Source information:
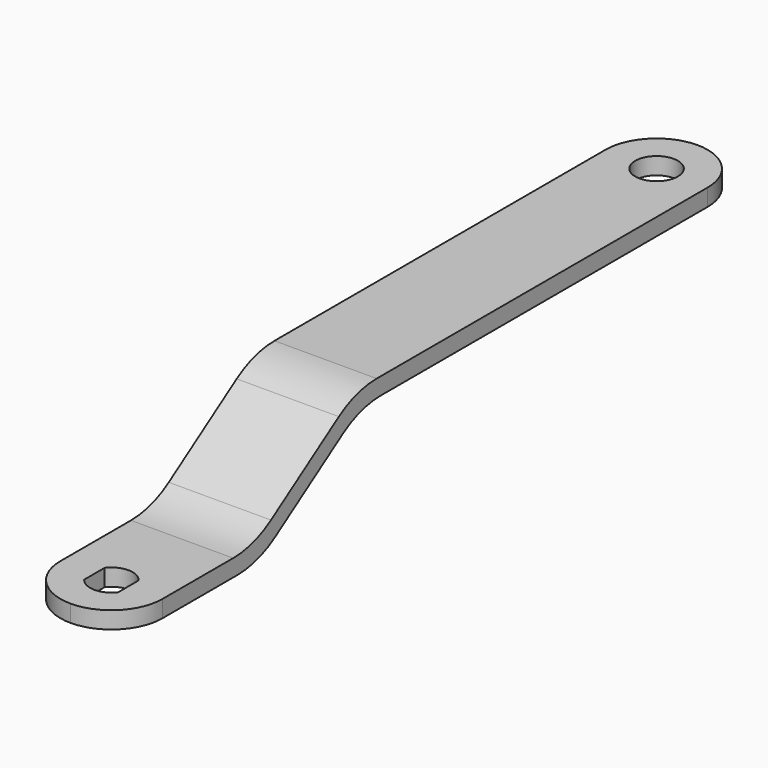
from build123d import *

# Parameters (mm, degrees)
F1_W     = 12
F1_H     = 2
F3_R     = 10
F5_DEPTH = 12.001
F6_R     = 2.5
F7_DEPTH = 12.001
F8_R     = 5.99999
F9_R     = 5.99999


# Not quite as in the source:
# - a fillet or chamfer is up to 0.001 mm smaller than in the source, because OpenCascade refuses the exact size


with BuildPart() as f2:
    # F2: sweep along a path in F0
    with BuildLine(Plane.YZ) as f2_path:
        Line((0, 0), (20, 0))
        Line((20, 0), (35, 10))
        Line((35, 10), (92, 10))
    # F1 (on Front) → F2 (sweep)
    with BuildSketch(Plane.XZ):
        with Locations((0, 1)):
            Rectangle(F1_W, F1_H)
    sweep(path=f2_path.line, transition=Transition.RIGHT)

    # F3
    f3_edges = [f2.edges().sort_by_distance(p)[0] for p in [
        (0, 19.394449, 2),
        (0, 34.394449, 12),
        (0, 35, 10),
        (0, 20, 0),
    ]]
    fillet(f3_edges, radius=F3_R)

    # F4 (on Top) → F5 (cut, through all)
    with BuildSketch(Plane.XY):
        with BuildLine():
            Line((2, 4.5), (2, 7.5))
            ThreePointArc((2, 7.5), (0, 8.5), (-2, 7.5))
            Line((-2, 7.5), (-2, 4.5))
            ThreePointArc((-2, 4.5), (0, 3.5), (2, 4.5))
        make_face()
    extrude(amount=F5_DEPTH, mode=Mode.SUBTRACT)

    # F6 (on Top) → F7 (cut, through all)
    with BuildSketch(Plane.XY):
        with Locations((0, 86)):
            Circle(F6_R)
    extrude(amount=F7_DEPTH, mode=Mode.SUBTRACT)

    # F8 (radius 6 in the source; OpenCascade refuses exactly that, so slightly less here)
    f8_edges = [f2.edges().sort_by_distance(p)[0] for p in [
        (-6, 0, 1),
        (6, 0, 1),
    ]]
    fillet(f8_edges, radius=F8_R)

    # F9 (radius 6 in the source; OpenCascade refuses exactly that, so slightly less here)
    f9_edges = [f2.edges().sort_by_distance(p)[0] for p in [
        (6, 92, 11),
        (-6, 92, 11),
    ]]
    fillet(f9_edges, radius=F9_R)


solid = f2.part
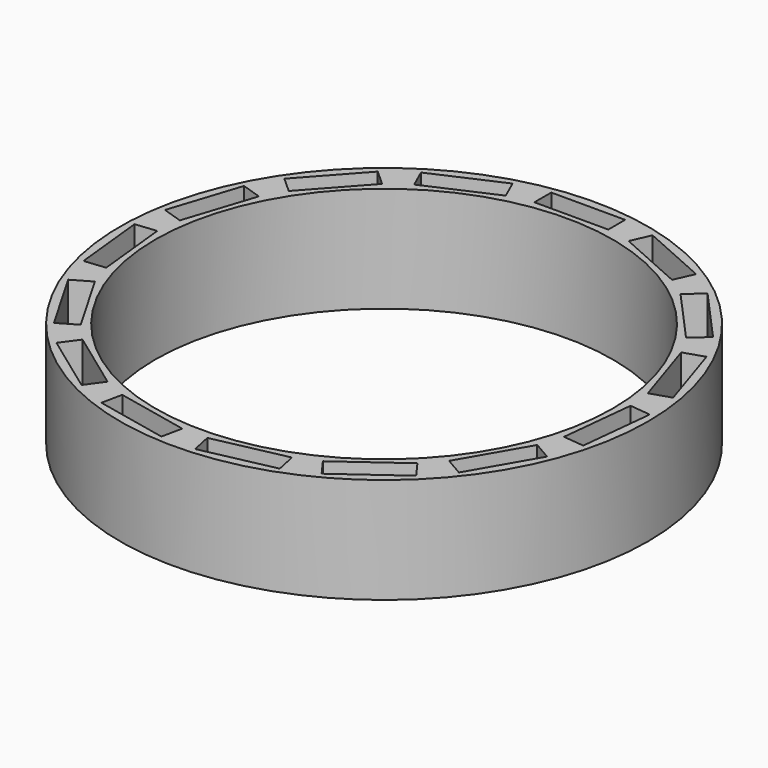
from build123d import *

# Parameters (mm, degrees)
F0_R            = 30
F0_R_2          = 26
F1_DEPTH        = 12
F2_W            = 8.4
F2_H            = 2.4
F3_DEPTH        = 11
F3_COPIES_COUNT = 15
F4_R            = 4.19999


# Not quite as in the source:
# - a fillet or chamfer is up to 0.001 mm smaller than in the source, because OpenCascade refuses the exact size
# - a pattern or mirror of a feature is missing from the dataset's text; its kind, count and spacing are read off the source's solid


with BuildPart() as f1:
    # F0 (on Top) → F1 (new body)
    with BuildSketch(Plane.XY):
        Circle(F0_R)
        Circle(F0_R_2, mode=Mode.SUBTRACT)
    extrude(amount=F1_DEPTH)

    # F2 (on face) → F3 (cut)
    with BuildSketch(Plane.XY.offset(12)):
        with Locations((0, 27.8)):
            Rectangle(F2_W, F2_H)
    f3 = extrude(amount=-F3_DEPTH, mode=Mode.SUBTRACT)

    # F3_copies: F3 ×15 about axis
    f3_copies_axis = Axis((0, 0, 0), (0, 0, 1))
    for i in range(1, F3_COPIES_COUNT):
        add(f3.rotate(f3_copies_axis, i * 360 / F3_COPIES_COUNT), mode=Mode.SUBTRACT)

    # F4 (radius 4.2 in the source; OpenCascade refuses exactly that, so slightly less here)
    f4_edges = [f1.edges().sort_by_distance(p)[0] for p in [
        (-4.2, 27.8, 1),
        (4.2, 27.8, 1),
        (-12.942559, -24.959371, 1),
        (-19.738301, -20.021974, 1),
        (-1.671725, -28.065732, 1),
        (-9.888165, -26.319274, 1),
        (-21.975506, -17.537307, 1),
        (-26.175506, -10.262693, 1),
        (-27.208689, -7.082883, 1),
        (-28.086728, 1.271101, 1),
        (9.888165, -26.319274, 1),
        (1.671725, -28.065732, 1),
        (19.738301, -20.021974, 1),
        (12.942559, -24.959371, 1),
        (26.175506, -10.262693, 1),
        (21.975506, -17.537307, 1),
        (28.086728, 1.271101, 1),
        (27.208689, -7.082883, 1),
        (-27.737243, 4.596235, 1),
        (-25.1415, 12.58511, 1),
        (-23.469775, 15.480623, 1),
        (-17.849078, 21.723039, 1),
        (-15.14417, 23.68827, 1),
        (-7.470388, 27.104858, 1),
        (25.1415, 12.58511, 1),
        (27.737243, 4.596235, 1),
        (15.14417, 23.68827, 1),
        (7.470388, 27.104858, 1),
        (17.849078, 21.723039, 1),
        (23.469775, 15.480623, 1),
    ]]
    fillet(f4_edges, radius=F4_R)


solid = f1.part

Work item: Search the data and copy each line containing "solid".

Response to the exercise:
solid = f2.part
# - a pattern or mirror of a feature is missing from the dataset's text; its kind, count and spacing are read off the source's solid
solid = f1.part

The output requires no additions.